┏━━

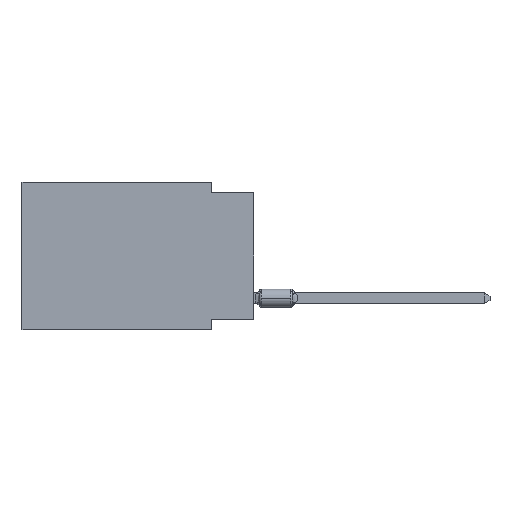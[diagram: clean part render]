
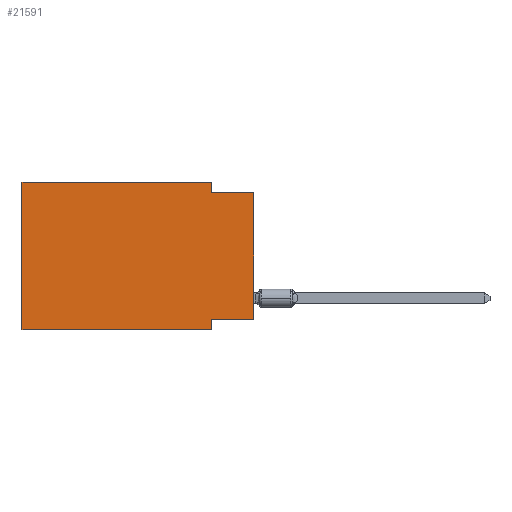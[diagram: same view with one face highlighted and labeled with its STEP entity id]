
A CAD part, left-side view. The second image highlights one B-rep face of the part: STEP entity #21591.
In plain terms, the highlighted planar face has unit normal (-1, 0, 0).
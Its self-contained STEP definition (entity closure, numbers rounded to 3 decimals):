
#1125 = CARTESIAN_POINT ( 'NONE',  ( 0., 2.54, -8.89 ) ) ;
#1175 = CARTESIAN_POINT ( 'NONE',  ( 0., 13.97, -8.89 ) ) ;
#1273 = DIRECTION ( 'NONE',  ( 0., 0., -1. ) ) ;
#1610 = ORIENTED_EDGE ( 'NONE', *, *, #4191, .F. ) ;
#1751 = VECTOR ( 'NONE', #23668, 1000. ) ;
#2831 = VECTOR ( 'NONE', #21790, 1000. ) ;
#2926 = VERTEX_POINT ( 'NONE', #23255 ) ;
#3030 = DIRECTION ( 'NONE',  ( 0., -1., 0. ) ) ;
#3209 = PLANE ( 'NONE',  #10822 ) ;
#3416 = LINE ( 'NONE', #16469, #23653 ) ;
#3769 = CARTESIAN_POINT ( 'NONE',  ( 0., 2.54, -0.635 ) ) ;
#4191 = EDGE_CURVE ( 'NONE', #15173, #15265, #5032, .T. ) ;
#4263 = CARTESIAN_POINT ( 'NONE',  ( 0., 0., -0.635 ) ) ;
#4423 = EDGE_CURVE ( 'NONE', #6640, #8671, #15158, .T. ) ;
#4598 = VECTOR ( 'NONE', #21062, 1000. ) ;
#4914 = CARTESIAN_POINT ( 'NONE',  ( 0., 13.97, 0. ) ) ;
#5032 = LINE ( 'NONE', #19753, #11304 ) ;
#6435 = CARTESIAN_POINT ( 'NONE',  ( 0., 0., -0.635 ) ) ;
#6607 = DIRECTION ( 'NONE',  ( 0., 0., -1. ) ) ;
#6640 = VERTEX_POINT ( 'NONE', #1175 ) ;
#7054 = DIRECTION ( 'NONE',  ( 0., 0., 1. ) ) ;
#8039 = CARTESIAN_POINT ( 'NONE',  ( 0., 13.97, -8.89 ) ) ;
#8671 = VERTEX_POINT ( 'NONE', #1125 ) ;
#8677 = CARTESIAN_POINT ( 'NONE',  ( 0., 2.54, -8.89 ) ) ;
#8954 = CARTESIAN_POINT ( 'NONE',  ( 0., 13.97, 0. ) ) ;
#9367 = EDGE_CURVE ( 'NONE', #21478, #15173, #12331, .T. ) ;
#9829 = VERTEX_POINT ( 'NONE', #12665 ) ;
#10184 = ORIENTED_EDGE ( 'NONE', *, *, #19057, .F. ) ;
#10207 = LINE ( 'NONE', #12019, #4598 ) ;
#10433 = ORIENTED_EDGE ( 'NONE', *, *, #13080, .F. ) ;
#10822 = AXIS2_PLACEMENT_3D ( 'NONE', #4914, #12291, #1273 ) ;
#11304 = VECTOR ( 'NONE', #6607, 1000. ) ;
#12019 = CARTESIAN_POINT ( 'NONE',  ( 0., 0., -8.255 ) ) ;
#12291 = DIRECTION ( 'NONE',  ( 1., 0., 0. ) ) ;
#12296 = LINE ( 'NONE', #8677, #20237 ) ;
#12331 = LINE ( 'NONE', #8954, #1751 ) ;
#12665 = CARTESIAN_POINT ( 'NONE',  ( 0., 2.54, -8.255 ) ) ;
#13080 = EDGE_CURVE ( 'NONE', #6640, #21478, #3416, .T. ) ;
#13788 = EDGE_LOOP ( 'NONE', ( #22363, #10184, #1610, #21476, #10433, #19515, #19894, #18993 ) ) ;
#13847 = CARTESIAN_POINT ( 'NONE',  ( 0., 0., 0. ) ) ;
#13922 = LINE ( 'NONE', #6435, #22282 ) ;
#14318 = EDGE_CURVE ( 'NONE', #9829, #8671, #12296, .T. ) ;
#14690 = EDGE_CURVE ( 'NONE', #2926, #23400, #15531, .T. ) ;
#15158 = LINE ( 'NONE', #8039, #17065 ) ;
#15173 = VERTEX_POINT ( 'NONE', #23335 ) ;
#15265 = VERTEX_POINT ( 'NONE', #3769 ) ;
#15531 = LINE ( 'NONE', #13847, #2831 ) ;
#16469 = CARTESIAN_POINT ( 'NONE',  ( 0., 13.97, 0. ) ) ;
#17065 = VECTOR ( 'NONE', #18891, 1000. ) ;
#18891 = DIRECTION ( 'NONE',  ( 0., -1., 0. ) ) ;
#18993 = ORIENTED_EDGE ( 'NONE', *, *, #20267, .F. ) ;
#19057 = EDGE_CURVE ( 'NONE', #15265, #23400, #13922, .T. ) ;
#19515 = ORIENTED_EDGE ( 'NONE', *, *, #4423, .T. ) ;
#19753 = CARTESIAN_POINT ( 'NONE',  ( 0., 2.54, 0. ) ) ;
#19887 = DIRECTION ( 'NONE',  ( 0., 0., -1. ) ) ;
#19894 = ORIENTED_EDGE ( 'NONE', *, *, #14318, .F. ) ;
#20237 = VECTOR ( 'NONE', #19887, 1000. ) ;
#20267 = EDGE_CURVE ( 'NONE', #2926, #9829, #10207, .T. ) ;
#21062 = DIRECTION ( 'NONE',  ( 0., 1., 0. ) ) ;
#21446 = FACE_OUTER_BOUND ( 'NONE', #13788, .T. ) ;
#21476 = ORIENTED_EDGE ( 'NONE', *, *, #9367, .F. ) ;
#21478 = VERTEX_POINT ( 'NONE', #22907 ) ;
#21591 = ADVANCED_FACE ( 'NONE', ( #21446 ), #3209, .F. ) ;
#21790 = DIRECTION ( 'NONE',  ( 0., 0., 1. ) ) ;
#22282 = VECTOR ( 'NONE', #3030, 1000. ) ;
#22363 = ORIENTED_EDGE ( 'NONE', *, *, #14690, .T. ) ;
#22907 = CARTESIAN_POINT ( 'NONE',  ( 0., 13.97, 0. ) ) ;
#23255 = CARTESIAN_POINT ( 'NONE',  ( 0., 0., -8.255 ) ) ;
#23335 = CARTESIAN_POINT ( 'NONE',  ( 0., 2.54, 0. ) ) ;
#23400 = VERTEX_POINT ( 'NONE', #4263 ) ;
#23653 = VECTOR ( 'NONE', #7054, 1000. ) ;
#23668 = DIRECTION ( 'NONE',  ( 0., -1., 0. ) ) ;
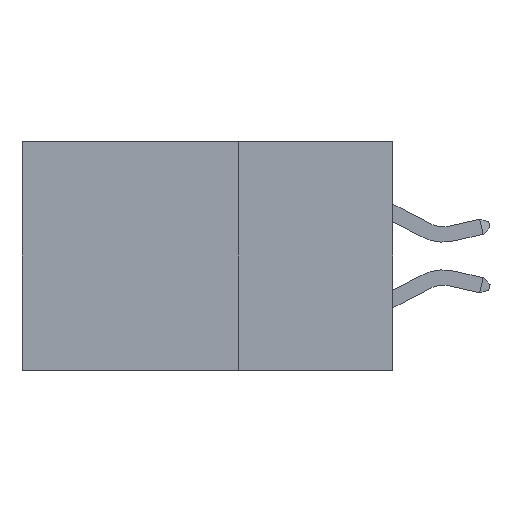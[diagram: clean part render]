
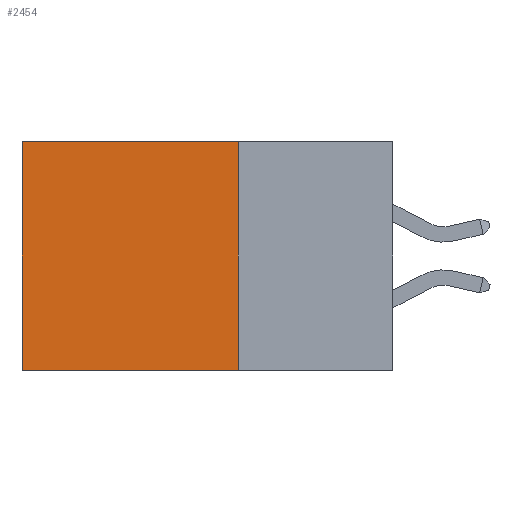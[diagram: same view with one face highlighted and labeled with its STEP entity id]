
A CAD part, left-side view. The second image highlights one B-rep face of the part: STEP entity #2454.
In plain terms, the highlighted planar face has unit normal (-1, 0, 0).
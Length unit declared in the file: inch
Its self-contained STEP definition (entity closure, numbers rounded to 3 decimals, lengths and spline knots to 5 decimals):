
#1110 = ORIENTED_EDGE ( 'NONE', *, *, #13663, .T. ) ;
#1312 = PLANE ( 'NONE',  #11159 ) ;
#1429 = CARTESIAN_POINT ( 'NONE',  ( 0.2875, 0.25, 0. ) ) ;
#1942 = LINE ( 'NONE', #10913, #25838 ) ;
#2454 = ADVANCED_FACE ( 'NONE', ( #30770 ), #1312, .F. ) ;
#4842 = LINE ( 'NONE', #6155, #30729 ) ;
#4945 = DIRECTION ( 'NONE',  ( 0., 1., 0. ) ) ;
#5954 = CARTESIAN_POINT ( 'NONE',  ( 0.2875, 0.6, 0. ) ) ;
#6155 = CARTESIAN_POINT ( 'NONE',  ( 0.2875, 0.6, 0. ) ) ;
#7924 = EDGE_LOOP ( 'NONE', ( #20515, #18955, #9752, #1110 ) ) ;
#8405 = EDGE_CURVE ( 'NONE', #13526, #16104, #11072, .T. ) ;
#9752 = ORIENTED_EDGE ( 'NONE', *, *, #17904, .F. ) ;
#10683 = CARTESIAN_POINT ( 'NONE',  ( 0.2875, 0.25, -0.37 ) ) ;
#10913 = CARTESIAN_POINT ( 'NONE',  ( 0.2875, 0.25, 0. ) ) ;
#11072 = LINE ( 'NONE', #19905, #30372 ) ;
#11092 = CARTESIAN_POINT ( 'NONE',  ( 0.2875, 0.25, 0. ) ) ;
#11159 = AXIS2_PLACEMENT_3D ( 'NONE', #1429, #11356, #18913 ) ;
#11356 = DIRECTION ( 'NONE',  ( 1., 0., 0. ) ) ;
#12370 = VERTEX_POINT ( 'NONE', #5954 ) ;
#13526 = VERTEX_POINT ( 'NONE', #10683 ) ;
#13663 = EDGE_CURVE ( 'NONE', #14442, #12370, #22580, .T. ) ;
#14442 = VERTEX_POINT ( 'NONE', #19378 ) ;
#15949 = EDGE_CURVE ( 'NONE', #12370, #16104, #4842, .T. ) ;
#16104 = VERTEX_POINT ( 'NONE', #26989 ) ;
#17904 = EDGE_CURVE ( 'NONE', #14442, #13526, #1942, .T. ) ;
#18598 = VECTOR ( 'NONE', #31247, 39.37008 ) ;
#18728 = DIRECTION ( 'NONE',  ( 0., 0., -1. ) ) ;
#18913 = DIRECTION ( 'NONE',  ( 0., 0., -1. ) ) ;
#18955 = ORIENTED_EDGE ( 'NONE', *, *, #8405, .F. ) ;
#19378 = CARTESIAN_POINT ( 'NONE',  ( 0.2875, 0.25, 0. ) ) ;
#19905 = CARTESIAN_POINT ( 'NONE',  ( 0.2875, 0.25, -0.37 ) ) ;
#20515 = ORIENTED_EDGE ( 'NONE', *, *, #15949, .T. ) ;
#22580 = LINE ( 'NONE', #11092, #18598 ) ;
#25838 = VECTOR ( 'NONE', #31166, 39.37008 ) ;
#26989 = CARTESIAN_POINT ( 'NONE',  ( 0.2875, 0.6, -0.37 ) ) ;
#30372 = VECTOR ( 'NONE', #4945, 39.37008 ) ;
#30729 = VECTOR ( 'NONE', #18728, 39.37008 ) ;
#30770 = FACE_OUTER_BOUND ( 'NONE', #7924, .T. ) ;
#31166 = DIRECTION ( 'NONE',  ( 0., 0., -1. ) ) ;
#31247 = DIRECTION ( 'NONE',  ( 0., 1., 0. ) ) ;

┗━━

What you should do —
Look above for the line that contains "#21476 = ORIENTED_EDGE". Starting there, transcribe every line exactly until you have copied the line that contains "#22907 = CARTESIAN_POINT".

Result for this task —
#21476 = ORIENTED_EDGE ( 'NONE', *, *, #9367, .F. ) ;
#21478 = VERTEX_POINT ( 'NONE', #22907 ) ;
#21591 = ADVANCED_FACE ( 'NONE', ( #21446 ), #3209, .F. ) ;
#21790 = DIRECTION ( 'NONE',  ( 0., 0., 1. ) ) ;
#22282 = VECTOR ( 'NONE', #3030, 1000. ) ;
#22363 = ORIENTED_EDGE ( 'NONE', *, *, #14690, .T. ) ;
#22907 = CARTESIAN_POINT ( 'NONE',  ( 0., 13.97, 0. ) ) ;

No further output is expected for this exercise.